By Nick Thiong’o
A Chinese engineering firm, North China Power Engineering Company, has been awarded the contract to building a power transmission line that will connect Kenya to Tanzania.
According to a Kenya Electricity Transmission Company (Ketraco) advertisement of the project contract issued in July last year, the Chinese firm will now build a 96-kilometre long 400 kilovolts high voltage alternating current transmission line from Isinya in Kajiado to Namanga, the town at border of Kenya and Tanzania. A substation will also be constructed at Isinya in the project which is expected to be complete in 22 months from commencement.
A statement from Ketraco to newsrooms after the signing the contract with the Chinese firm said the project will cost Sh2.6 billion of which the Kenyan government will contribute Sh434 million while Sh2.24 billion will be financed by African Development bank (AfDB).
From Namanga the transmission line will connect to a similar project that Tanzania is undertaking for a 414 kilometres transmission line from Singida, a town in the country’s Central region to the border with Kenya.
The statement from Ketraco said when completed, the transmission line from Isinya to Singida will have been built at a cost of Sh30.9 billion.
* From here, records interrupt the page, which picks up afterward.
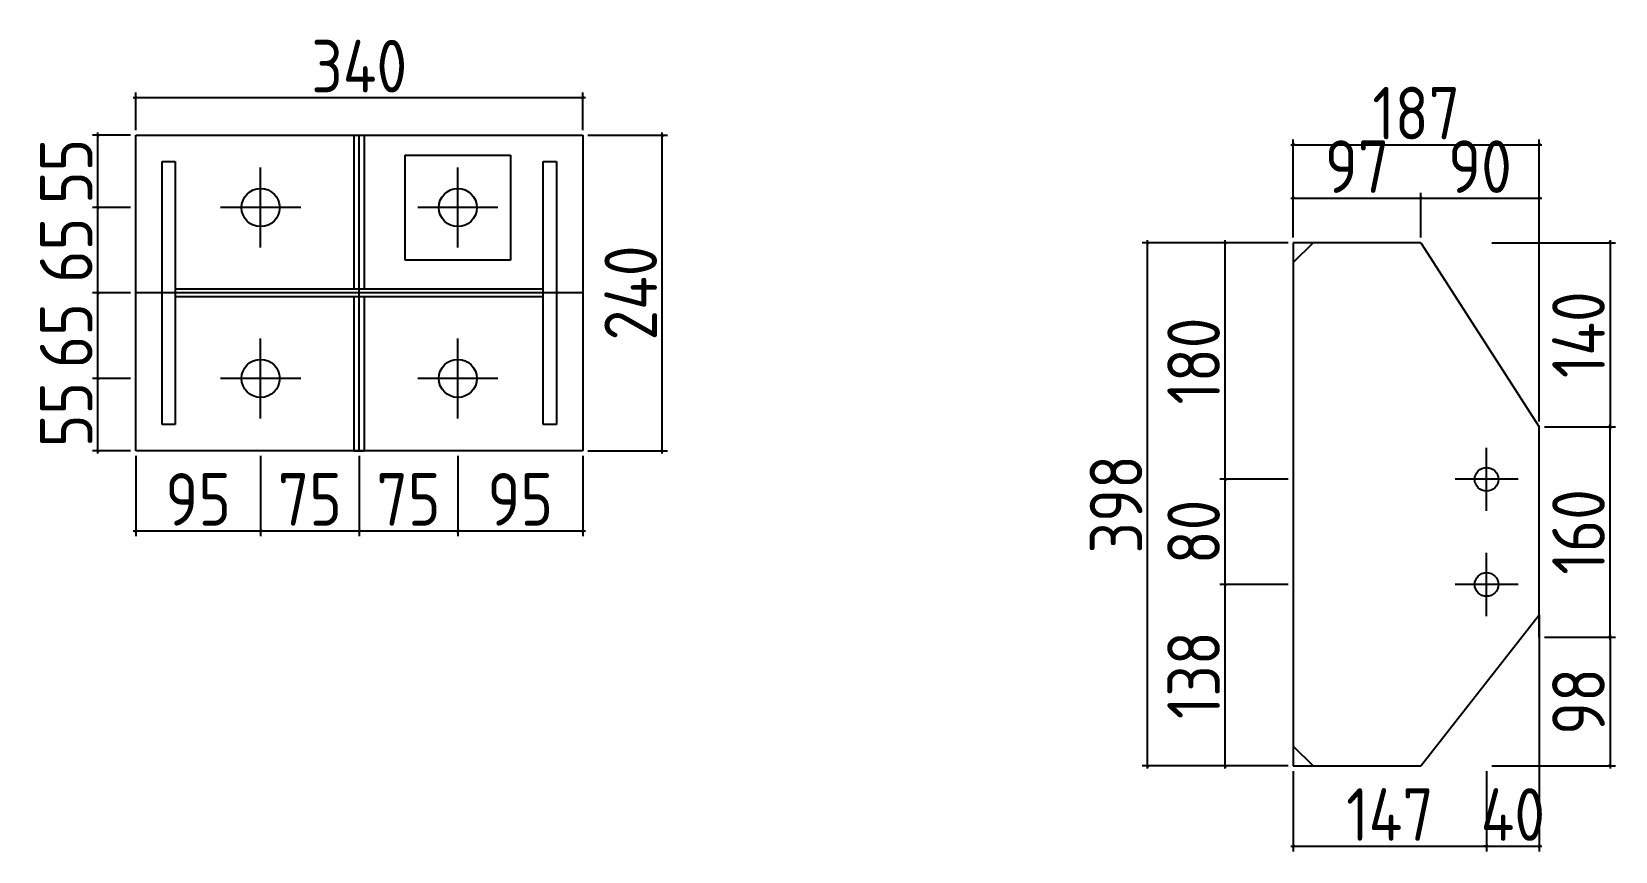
# Model space of a CAD drawing. Extents: x 102162 to 621267, y -39398 to 328893.
# Drawn here: x 307510 to 313533, y 222393 to 225511 of the extents above; entities that cross this region are included whole.
import ezdxf

# ---------------------------------------------------------------- set-up
doc = ezdxf.new("R2010")
doc.units = 0
doc.header["$LTSCALE"] = 1000
doc.header["$MEASUREMENT"] = 0
doc.linetypes.add('DOTE', pattern=[2.42, 2, -0.2, 0.02, -0.2])
doc.styles.get("Standard").update_dxf_attribs({"font": 'gbenor.shx', "bigfont": 'gbcbig.shx'})
doc.dimstyles.get("Standard").update_dxf_attribs({"dimscale": 100, "dimtxt": 3.5, "dimasz": 1, "dimexe": 2.5, "dimexo": 3, "dimgap": 1.5, "dimtad": 1, "dimdec": 0, "dimzin": 0, "dimdsep": 46, "dimtxsty": 'Standard', "dimblk": 'ARCHTICK', "dimcen": 0.09, "dimadec": 0, "dimazin": 0, "dimtfac": 1, "dimtdec": 0, "dimtix": 1, "dimtmove": 2, "dimatfit": 3, "dimfxl": 1, "dimtolj": 1, "dimtzin": 0, "dimarcsym": 0})

# ---------------------------------------------------------------- blocks, each defined once
blk = doc.blocks.new('_ArchTick')
at = {"color": 0, "linetype": 'ByBlock', "const_width": 0.4}
blk.add_lwpolyline([(-0.5, -0.5), (0.5, 0.5)], dxfattribs=at)
blk = doc.blocks.new('*D6223')
at = {"color": 0, "lineweight": -2}
for p, q in [((307905.9, 223896.7), (307905.9, 223591.8)), ((308380.9, 223896.7), (308380.9, 223591.8)), ((307895.9, 223611.8), (308390.9, 223611.8))]:
    blk.add_line(p, q, dxfattribs=at)
at = {"layer": 'Defpoints', "color": 0}
for p in [(307905.9, 223916.7), (308380.9, 223916.7), (308380.9, 223611.8)]:
    blk.add_point(p, dxfattribs=at)
at = {"color": 0, "lineweight": -2, "xscale": 10, "yscale": 10, "zscale": 10, "rotation": 180}
blk.add_blockref('_ArchTick', (307905.9, 223611.8), dxfattribs=at)
at = {"color": 0, "lineweight": -2, "xscale": 10, "yscale": 10, "zscale": 10}
blk.add_blockref('_ArchTick', (308380.9, 223611.8), dxfattribs=at)
at = {"color": 0, "insert": (308143.4, 223731.8), "char_height": 200, "attachment_point": 5}
blk.add_mtext('\\A1;95', dxfattribs=at)
blk = doc.blocks.new('*D6224')
at = {"color": 0, "lineweight": -2}
for p, q in [((308755.9, 223896.7), (308755.9, 223591.8)), ((309130.9, 223896.7), (309130.9, 223591.8)), ((308745.9, 223611.8), (309140.9, 223611.8))]:
    blk.add_line(p, q, dxfattribs=at)
at = {"layer": 'Defpoints', "color": 0}
for p in [(308755.9, 223916.7), (309130.9, 223916.7), (309130.9, 223611.8)]:
    blk.add_point(p, dxfattribs=at)
at = {"color": 0, "lineweight": -2, "xscale": 10, "yscale": 10, "zscale": 10, "rotation": 180}
blk.add_blockref('_ArchTick', (308755.9, 223611.8), dxfattribs=at)
at = {"color": 0, "lineweight": -2, "xscale": 10, "yscale": 10, "zscale": 10}
blk.add_blockref('_ArchTick', (309130.9, 223611.8), dxfattribs=at)
at = {"color": 0, "insert": (308943.4, 223731.8), "char_height": 200, "attachment_point": 5}
blk.add_mtext('\\A1;75', dxfattribs=at)
blk = doc.blocks.new('*D6225')
at = {"color": 0, "lineweight": -2}
for p, q in [((309130.9, 223896.7), (309130.9, 223591.8)), ((309605.9, 223896.7), (309605.9, 223591.8)), ((309120.9, 223611.8), (309615.9, 223611.8))]:
    blk.add_line(p, q, dxfattribs=at)
at = {"layer": 'Defpoints', "color": 0}
for p in [(309130.9, 223916.7), (309605.9, 223916.7), (309605.9, 223611.8)]:
    blk.add_point(p, dxfattribs=at)
at = {"color": 0, "lineweight": -2, "xscale": 10, "yscale": 10, "zscale": 10, "rotation": 180}
blk.add_blockref('_ArchTick', (309130.9, 223611.8), dxfattribs=at)
at = {"color": 0, "lineweight": -2, "xscale": 10, "yscale": 10, "zscale": 10}
blk.add_blockref('_ArchTick', (309605.9, 223611.8), dxfattribs=at)
at = {"color": 0, "insert": (309368.4, 223731.8), "char_height": 200, "attachment_point": 5}
blk.add_mtext('\\A1;95', dxfattribs=at)
blk = doc.blocks.new('*D6164')
at = {"color": 0, "lineweight": -2}
for p, q in [((307885.9, 224191.7), (307741.4, 224191.7)), ((307761.4, 223906.7), (307761.4, 224201.7)), ((307885.9, 223916.7), (307741.4, 223916.7))]:
    blk.add_line(p, q, dxfattribs=at)
at = {"layer": 'Defpoints', "color": 0}
for p in [(307761.4, 224191.7), (307905.9, 224191.7), (307905.9, 223916.7)]:
    blk.add_point(p, dxfattribs=at)
at = {"color": 0, "lineweight": -2, "xscale": 10, "yscale": 10, "zscale": 10}
for p, rotation in [((307761.4, 224191.7), 90), ((307761.4, 223916.7), 270)]:
    blk.add_blockref('_ArchTick', p, dxfattribs=dict(at, rotation=rotation))
at = {"color": 0, "insert": (307641.4, 224054.2), "char_height": 200, "attachment_point": 5, "rotation": 90}
blk.add_mtext('\\A1;55', dxfattribs=at)
blk = doc.blocks.new('*D6226')
at = {"color": 0, "lineweight": -2}
for p, q in [((307761.4, 224181.7), (307761.4, 224526.7)), ((307885.9, 224516.7), (307741.4, 224516.7)), ((307885.9, 224191.7), (307741.4, 224191.7))]:
    blk.add_line(p, q, dxfattribs=at)
at = {"layer": 'Defpoints', "color": 0}
for p in [(307761.4, 224516.7), (307905.9, 224516.7), (307905.9, 224191.7)]:
    blk.add_point(p, dxfattribs=at)
at = {"color": 0, "lineweight": -2, "xscale": 10, "yscale": 10, "zscale": 10}
for p, rotation in [((307761.4, 224516.7), 90), ((307761.4, 224191.7), 270)]:
    blk.add_blockref('_ArchTick', p, dxfattribs=dict(at, rotation=rotation))
at = {"color": 0, "insert": (307641.4, 224354.2), "char_height": 200, "attachment_point": 5, "rotation": 90}
blk.add_mtext('\\A1;65', dxfattribs=at)
blk = doc.blocks.new('*D6227')
at = {"color": 0, "lineweight": -2}
for p, q in [((307885.9, 224841.7), (307741.4, 224841.7)), ((307761.4, 224506.7), (307761.4, 224851.7)), ((307885.9, 224516.7), (307741.4, 224516.7))]:
    blk.add_line(p, q, dxfattribs=at)
at = {"layer": 'Defpoints', "color": 0}
for p in [(307761.4, 224841.7), (307905.9, 224841.7), (307905.9, 224516.7)]:
    blk.add_point(p, dxfattribs=at)
at = {"color": 0, "lineweight": -2, "xscale": 10, "yscale": 10, "zscale": 10}
for p, rotation in [((307761.4, 224841.7), 90), ((307761.4, 224516.7), 270)]:
    blk.add_blockref('_ArchTick', p, dxfattribs=dict(at, rotation=rotation))
at = {"color": 0, "insert": (307641.4, 224679.2), "char_height": 200, "attachment_point": 5, "rotation": 90}
blk.add_mtext('\\A1;65', dxfattribs=at)
blk = doc.blocks.new('*D6228')
at = {"color": 0, "lineweight": -2}
for p, q in [((307885.9, 225116.7), (307741.4, 225116.7)), ((307761.4, 224831.7), (307761.4, 225126.7)), ((307885.9, 224841.7), (307741.4, 224841.7))]:
    blk.add_line(p, q, dxfattribs=at)
at = {"layer": 'Defpoints', "color": 0}
for p in [(307761.4, 225116.7), (307905.9, 225116.7), (307905.9, 224841.7)]:
    blk.add_point(p, dxfattribs=at)
at = {"color": 0, "lineweight": -2, "xscale": 10, "yscale": 10, "zscale": 10}
for p, rotation in [((307761.4, 225116.7), 90), ((307761.4, 224841.7), 270)]:
    blk.add_blockref('_ArchTick', p, dxfattribs=dict(at, rotation=rotation))
at = {"color": 0, "insert": (307641.4, 224979.2), "char_height": 200, "attachment_point": 5, "rotation": 90}
blk.add_mtext('\\A1;55', dxfattribs=at)
blk = doc.blocks.new('*D6229')
at = {"color": 0, "lineweight": -2}
for p, q in [((309615.9, 225259.6), (307895.9, 225259.6)), ((307905.9, 225136.7), (307905.9, 225279.6)), ((309605.9, 225136.7), (309605.9, 225279.6))]:
    blk.add_line(p, q, dxfattribs=at)
at = {"layer": 'Defpoints', "color": 0}
for p in [(307905.9, 225259.6), (307905.9, 225116.7), (309605.9, 225116.7)]:
    blk.add_point(p, dxfattribs=at)
at = {"color": 0, "lineweight": -2, "xscale": 10, "yscale": 10, "zscale": 10, "rotation": 180}
blk.add_blockref('_ArchTick', (307905.9, 225259.6), dxfattribs=at)
at = {"color": 0, "lineweight": -2, "xscale": 10, "yscale": 10, "zscale": 10}
blk.add_blockref('_ArchTick', (309605.9, 225259.6), dxfattribs=at)
at = {"color": 0, "insert": (308755.9, 225379.6), "char_height": 200, "attachment_point": 5}
blk.add_mtext('\\A1;340', dxfattribs=at)
blk = doc.blocks.new('*D6230')
at = {"color": 0, "lineweight": -2}
for p, q in [((309625.9, 225116.7), (309928.4, 225116.7)), ((309908.4, 223906.7), (309908.4, 225126.7)), ((309625.9, 223916.7), (309928.4, 223916.7))]:
    blk.add_line(p, q, dxfattribs=at)
at = {"layer": 'Defpoints', "color": 0}
for p in [(309605.9, 225116.7), (309908.4, 225116.7), (309605.9, 223916.7)]:
    blk.add_point(p, dxfattribs=at)
at = {"color": 0, "lineweight": -2, "xscale": 10, "yscale": 10, "zscale": 10}
for p, rotation in [((309908.4, 225116.7), 90), ((309908.4, 223916.7), 270)]:
    blk.add_blockref('_ArchTick', p, dxfattribs=dict(at, rotation=rotation))
at = {"color": 0, "insert": (309788.4, 224516.7), "char_height": 200, "attachment_point": 5, "rotation": 90}
blk.add_mtext('\\A1;240', dxfattribs=at)
blk = doc.blocks.new('*D6165')
at = {"color": 0, "lineweight": -2}
for p, q in [((308380.9, 223896.7), (308380.9, 223591.8)), ((308755.9, 223896.7), (308755.9, 223591.8)), ((308370.9, 223611.8), (308765.9, 223611.8))]:
    blk.add_line(p, q, dxfattribs=at)
at = {"layer": 'Defpoints', "color": 0}
for p in [(308380.9, 223916.7), (308755.9, 223916.7), (308755.9, 223611.8)]:
    blk.add_point(p, dxfattribs=at)
at = {"color": 0, "lineweight": -2, "xscale": 10, "yscale": 10, "zscale": 10, "rotation": 180}
blk.add_blockref('_ArchTick', (308380.9, 223611.8), dxfattribs=at)
at = {"color": 0, "lineweight": -2, "xscale": 10, "yscale": 10, "zscale": 10}
blk.add_blockref('_ArchTick', (308755.9, 223611.8), dxfattribs=at)
at = {"color": 0, "insert": (308568.4, 223731.8), "char_height": 200, "attachment_point": 5}
blk.add_mtext('\\A1;75', dxfattribs=at)
blk = doc.blocks.new('*D6170')
at = {"color": 0, "lineweight": -2}
for p, q in [((312308.2, 222697.9), (312308.2, 222392.8)), ((313043.2, 222697.9), (313043.2, 222392.8)), ((312298.2, 222412.8), (313053.2, 222412.8))]:
    blk.add_line(p, q, dxfattribs=at)
at = {"layer": 'Defpoints', "color": 0}
for p in [(312308.2, 222717.9), (313043.2, 222717.9), (313043.2, 222412.8)]:
    blk.add_point(p, dxfattribs=at)
at = {"color": 0, "lineweight": -2, "xscale": 10, "yscale": 10, "zscale": 10, "rotation": 180}
blk.add_blockref('_ArchTick', (312308.2, 222412.8), dxfattribs=at)
at = {"color": 0, "lineweight": -2, "xscale": 10, "yscale": 10, "zscale": 10}
blk.add_blockref('_ArchTick', (313043.2, 222412.8), dxfattribs=at)
at = {"color": 0, "insert": (312675.7, 222532.8), "char_height": 200, "attachment_point": 5}
blk.add_mtext('\\A1;147', dxfattribs=at)
blk = doc.blocks.new('*D6137')
at = {"color": 0, "lineweight": -2}
for p, q in [((313243.2, 223292.9), (313243.2, 222392.8)), ((313043.2, 222697.9), (313043.2, 222392.8)), ((313043.2, 222412.8), (313033.2, 222412.8)), ((313043.2, 222412.8), (313243.2, 222412.8)), ((313243.2, 222412.8), (313253.2, 222412.8))]:
    blk.add_line(p, q, dxfattribs=at)
at = {"layer": 'Defpoints', "color": 0}
for p in [(313243.2, 223312.9), (313043.2, 222717.9), (313243.2, 222412.8)]:
    blk.add_point(p, dxfattribs=at)
at = {"color": 0, "lineweight": -2, "xscale": 10, "yscale": 10, "zscale": 10}
blk.add_blockref('_ArchTick', (313043.2, 222412.8), dxfattribs=at)
at = {"color": 0, "lineweight": -2, "xscale": 10, "yscale": 10, "zscale": 10, "rotation": 180}
blk.add_blockref('_ArchTick', (313243.2, 222412.8), dxfattribs=at)
at = {"color": 0, "insert": (313143.2, 222532.8), "char_height": 200, "attachment_point": 5}
blk.add_mtext('\\A1;40', dxfattribs=at)
blk = doc.blocks.new('*D6138')
at = {"color": 0, "lineweight": -2}
for p, q in [((312288.2, 223407.9), (312029.2, 223407.9)), ((312049.2, 222707.9), (312049.2, 223417.9)), ((312288.2, 222717.9), (312029.2, 222717.9))]:
    blk.add_line(p, q, dxfattribs=at)
at = {"layer": 'Defpoints', "color": 0}
for p in [(312049.2, 223407.9), (312308.2, 223407.9), (312308.2, 222717.9)]:
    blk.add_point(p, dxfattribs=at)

“With a capacity to transfer 2000MW in either direction, the interconnector will have positive impacts on the development of renewable sources of energy in Kenya and Tanzania because the interconnected system of both countries will result in a larger, more stable system. The interconnection will also decrease power reserve capacity to be installed as it will enable the sharing of power with the Southern African Power Pool,” said Ketraco in the statement.
The project is expected to substitute the costly thermal energy with less costly geothermal and hydro energy, as well as increase revenue by monetizing the unused optic fiber telecommunication channels strung on the transmission towers.
“Together with the completion of the Ethiopia – Kenya and the Lessos – Tororo lines, this regional interconnector, power evacuator and system strengthening line will certainly facilitate East and Southern African Power Pool exchange when Kenya and Rwanda receive 400MW and 200MW respectively in 2017 from Ethiopia,” says Ketraco’s managing director Fernandes Barasa.